**Problem to work on**
Where the string "coefs" appears in a line of the data, show that line.

**Listed records**
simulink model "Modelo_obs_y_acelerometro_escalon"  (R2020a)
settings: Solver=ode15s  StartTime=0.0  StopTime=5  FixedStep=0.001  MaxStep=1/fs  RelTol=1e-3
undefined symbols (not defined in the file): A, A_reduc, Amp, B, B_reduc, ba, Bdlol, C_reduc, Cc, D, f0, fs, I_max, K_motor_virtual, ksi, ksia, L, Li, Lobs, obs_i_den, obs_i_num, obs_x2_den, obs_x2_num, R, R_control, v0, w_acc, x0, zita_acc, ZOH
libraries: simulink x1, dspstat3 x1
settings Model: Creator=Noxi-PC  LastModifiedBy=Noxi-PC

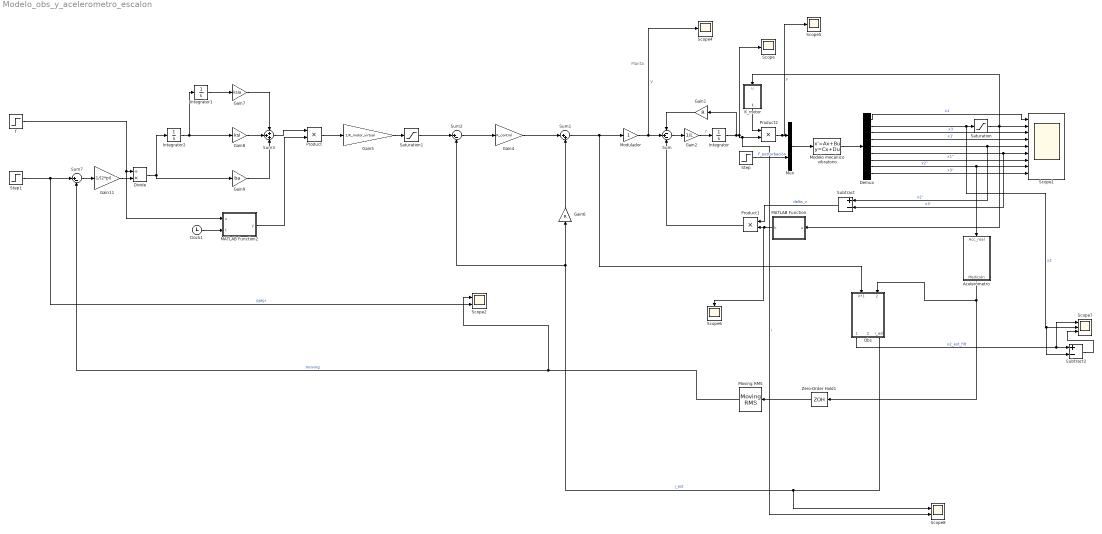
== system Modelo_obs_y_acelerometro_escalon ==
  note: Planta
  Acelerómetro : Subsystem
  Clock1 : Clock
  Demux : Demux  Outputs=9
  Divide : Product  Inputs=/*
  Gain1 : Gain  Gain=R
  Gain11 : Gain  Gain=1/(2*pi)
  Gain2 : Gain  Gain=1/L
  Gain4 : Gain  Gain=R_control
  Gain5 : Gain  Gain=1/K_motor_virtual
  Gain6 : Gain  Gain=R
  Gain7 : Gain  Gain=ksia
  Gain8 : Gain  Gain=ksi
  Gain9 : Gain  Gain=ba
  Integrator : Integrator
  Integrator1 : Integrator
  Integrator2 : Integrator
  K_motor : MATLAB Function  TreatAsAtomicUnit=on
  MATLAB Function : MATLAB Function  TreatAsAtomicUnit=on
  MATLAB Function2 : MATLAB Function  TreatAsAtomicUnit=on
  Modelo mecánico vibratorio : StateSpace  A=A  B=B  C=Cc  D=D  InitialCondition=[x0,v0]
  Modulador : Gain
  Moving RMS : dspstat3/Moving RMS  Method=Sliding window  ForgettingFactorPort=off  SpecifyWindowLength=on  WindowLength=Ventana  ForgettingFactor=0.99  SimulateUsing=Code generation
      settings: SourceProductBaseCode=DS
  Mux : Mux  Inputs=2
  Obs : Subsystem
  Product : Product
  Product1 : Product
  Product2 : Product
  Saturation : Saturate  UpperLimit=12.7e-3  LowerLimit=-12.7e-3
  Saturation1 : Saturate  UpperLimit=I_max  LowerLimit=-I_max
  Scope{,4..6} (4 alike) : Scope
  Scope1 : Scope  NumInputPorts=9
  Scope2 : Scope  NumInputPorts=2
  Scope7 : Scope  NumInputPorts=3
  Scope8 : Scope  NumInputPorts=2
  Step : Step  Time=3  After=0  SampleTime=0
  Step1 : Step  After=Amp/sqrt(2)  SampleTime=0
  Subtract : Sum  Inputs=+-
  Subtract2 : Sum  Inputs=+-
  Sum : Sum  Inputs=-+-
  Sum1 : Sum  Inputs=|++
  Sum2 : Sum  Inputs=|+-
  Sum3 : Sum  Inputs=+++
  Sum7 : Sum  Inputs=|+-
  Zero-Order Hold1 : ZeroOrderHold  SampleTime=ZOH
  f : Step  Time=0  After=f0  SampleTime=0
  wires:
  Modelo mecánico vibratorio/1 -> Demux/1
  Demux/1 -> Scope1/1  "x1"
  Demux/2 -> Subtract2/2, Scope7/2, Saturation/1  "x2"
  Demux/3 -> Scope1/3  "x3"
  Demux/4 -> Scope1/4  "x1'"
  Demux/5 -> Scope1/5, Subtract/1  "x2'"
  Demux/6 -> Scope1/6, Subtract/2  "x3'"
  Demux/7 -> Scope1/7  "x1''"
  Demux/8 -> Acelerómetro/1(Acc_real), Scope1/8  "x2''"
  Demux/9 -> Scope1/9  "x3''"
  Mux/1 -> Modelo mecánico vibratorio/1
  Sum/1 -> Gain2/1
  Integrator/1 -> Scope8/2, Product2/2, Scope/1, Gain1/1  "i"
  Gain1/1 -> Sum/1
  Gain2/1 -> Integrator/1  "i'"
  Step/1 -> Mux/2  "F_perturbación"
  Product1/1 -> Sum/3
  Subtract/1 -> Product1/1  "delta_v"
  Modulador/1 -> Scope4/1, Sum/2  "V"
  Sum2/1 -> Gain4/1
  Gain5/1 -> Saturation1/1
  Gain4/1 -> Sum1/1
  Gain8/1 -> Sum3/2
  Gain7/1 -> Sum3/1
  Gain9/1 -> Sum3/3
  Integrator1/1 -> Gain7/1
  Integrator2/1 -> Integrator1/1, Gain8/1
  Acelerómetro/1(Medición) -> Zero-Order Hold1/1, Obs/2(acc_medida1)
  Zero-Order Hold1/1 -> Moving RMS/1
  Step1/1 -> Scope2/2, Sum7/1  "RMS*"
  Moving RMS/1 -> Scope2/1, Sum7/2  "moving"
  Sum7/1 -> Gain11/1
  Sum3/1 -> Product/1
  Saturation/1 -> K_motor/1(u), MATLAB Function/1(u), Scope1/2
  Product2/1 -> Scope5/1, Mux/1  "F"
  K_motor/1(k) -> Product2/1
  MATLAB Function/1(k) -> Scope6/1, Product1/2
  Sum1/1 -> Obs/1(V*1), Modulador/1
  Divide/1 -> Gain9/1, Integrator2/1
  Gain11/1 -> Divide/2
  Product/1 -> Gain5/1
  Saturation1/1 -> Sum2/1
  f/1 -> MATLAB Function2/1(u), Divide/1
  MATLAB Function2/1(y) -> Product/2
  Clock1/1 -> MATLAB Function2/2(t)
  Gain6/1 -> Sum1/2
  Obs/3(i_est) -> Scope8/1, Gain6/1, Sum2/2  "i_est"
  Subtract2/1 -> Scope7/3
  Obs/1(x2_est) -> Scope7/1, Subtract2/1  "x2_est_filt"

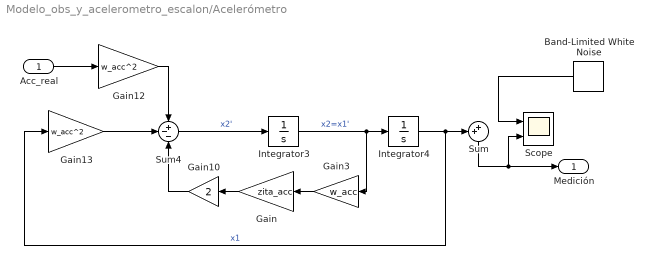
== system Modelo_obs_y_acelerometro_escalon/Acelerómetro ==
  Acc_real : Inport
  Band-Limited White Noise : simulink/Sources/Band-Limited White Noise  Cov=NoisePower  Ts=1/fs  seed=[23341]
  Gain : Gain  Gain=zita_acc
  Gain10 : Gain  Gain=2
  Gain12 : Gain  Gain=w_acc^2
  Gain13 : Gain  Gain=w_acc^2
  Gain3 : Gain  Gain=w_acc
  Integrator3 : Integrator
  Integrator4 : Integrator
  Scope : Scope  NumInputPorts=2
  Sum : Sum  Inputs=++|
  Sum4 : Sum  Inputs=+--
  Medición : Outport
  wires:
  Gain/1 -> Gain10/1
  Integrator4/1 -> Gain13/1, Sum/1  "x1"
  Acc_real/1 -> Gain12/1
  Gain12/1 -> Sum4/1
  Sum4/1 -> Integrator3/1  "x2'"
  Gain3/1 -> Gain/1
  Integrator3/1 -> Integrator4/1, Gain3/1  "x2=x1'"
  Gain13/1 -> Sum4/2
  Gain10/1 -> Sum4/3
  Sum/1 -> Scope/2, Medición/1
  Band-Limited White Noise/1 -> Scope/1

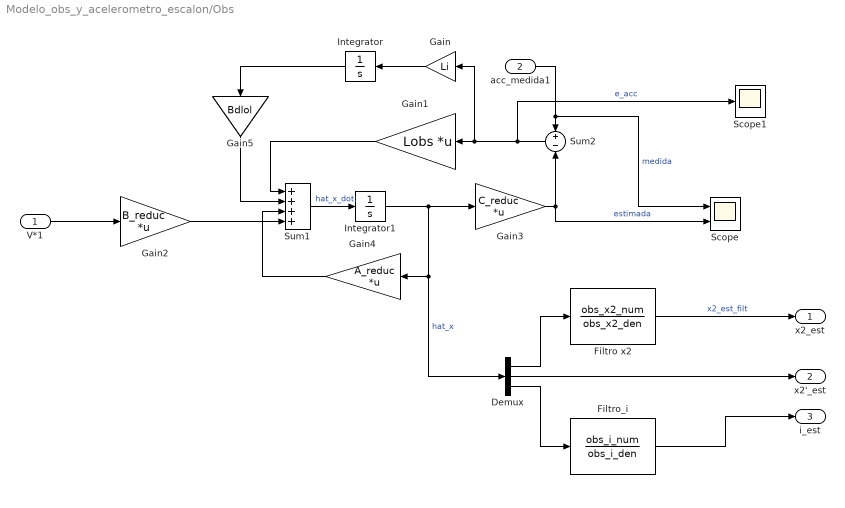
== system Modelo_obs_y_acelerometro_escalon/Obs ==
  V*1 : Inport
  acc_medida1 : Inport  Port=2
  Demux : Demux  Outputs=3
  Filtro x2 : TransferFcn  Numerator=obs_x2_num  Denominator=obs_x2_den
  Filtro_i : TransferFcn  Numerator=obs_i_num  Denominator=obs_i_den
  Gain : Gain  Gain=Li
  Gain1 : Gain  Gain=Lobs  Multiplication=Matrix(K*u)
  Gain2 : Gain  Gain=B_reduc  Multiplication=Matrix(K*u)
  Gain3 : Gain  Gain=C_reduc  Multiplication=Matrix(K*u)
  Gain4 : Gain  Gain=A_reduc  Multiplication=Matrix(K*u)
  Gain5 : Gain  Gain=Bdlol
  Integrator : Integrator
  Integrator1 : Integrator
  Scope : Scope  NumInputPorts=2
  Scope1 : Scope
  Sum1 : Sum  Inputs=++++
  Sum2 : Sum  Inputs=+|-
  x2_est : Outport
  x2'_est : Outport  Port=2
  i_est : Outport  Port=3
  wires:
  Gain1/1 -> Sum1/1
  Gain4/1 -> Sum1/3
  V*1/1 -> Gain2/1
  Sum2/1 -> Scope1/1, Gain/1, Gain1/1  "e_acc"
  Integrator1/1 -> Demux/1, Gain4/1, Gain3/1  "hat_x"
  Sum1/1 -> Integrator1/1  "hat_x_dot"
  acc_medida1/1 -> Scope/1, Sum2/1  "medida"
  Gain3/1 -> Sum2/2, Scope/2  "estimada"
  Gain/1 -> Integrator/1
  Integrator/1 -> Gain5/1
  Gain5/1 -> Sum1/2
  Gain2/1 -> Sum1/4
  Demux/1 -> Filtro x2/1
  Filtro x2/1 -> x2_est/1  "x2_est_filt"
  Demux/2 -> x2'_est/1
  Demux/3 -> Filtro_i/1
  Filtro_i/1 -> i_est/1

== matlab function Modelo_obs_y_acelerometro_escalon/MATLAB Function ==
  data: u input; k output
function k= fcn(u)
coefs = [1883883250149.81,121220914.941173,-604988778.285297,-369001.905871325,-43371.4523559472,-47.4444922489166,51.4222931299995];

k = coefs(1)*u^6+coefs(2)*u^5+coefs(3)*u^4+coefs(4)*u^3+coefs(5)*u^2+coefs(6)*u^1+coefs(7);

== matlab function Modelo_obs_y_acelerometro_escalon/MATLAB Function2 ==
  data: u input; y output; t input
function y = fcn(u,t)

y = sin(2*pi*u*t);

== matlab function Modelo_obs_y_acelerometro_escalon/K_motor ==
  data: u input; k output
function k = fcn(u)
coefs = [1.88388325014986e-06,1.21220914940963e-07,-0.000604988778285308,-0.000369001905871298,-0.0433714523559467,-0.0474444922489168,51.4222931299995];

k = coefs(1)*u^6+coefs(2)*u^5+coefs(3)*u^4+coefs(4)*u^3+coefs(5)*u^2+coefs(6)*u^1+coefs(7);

**Result of this exercise**
coefs = [1883883250149.81,121220914.941173,-604988778.285297,-369001.905871325,-43371.4523559472,-47.4444922489166,51.4222931299995];
k = coefs(1)*u^6+coefs(2)*u^5+coefs(3)*u^4+coefs(4)*u^3+coefs(5)*u^2+coefs(6)*u^1+coefs(7);
coefs = [1.88388325014986e-06,1.21220914940963e-07,-0.000604988778285308,-0.000369001905871298,-0.0433714523559467,-0.0474444922489168,51.4222931299995];
k = coefs(1)*u^6+coefs(2)*u^5+coefs(3)*u^4+coefs(4)*u^3+coefs(5)*u^2+coefs(6)*u^1+coefs(7);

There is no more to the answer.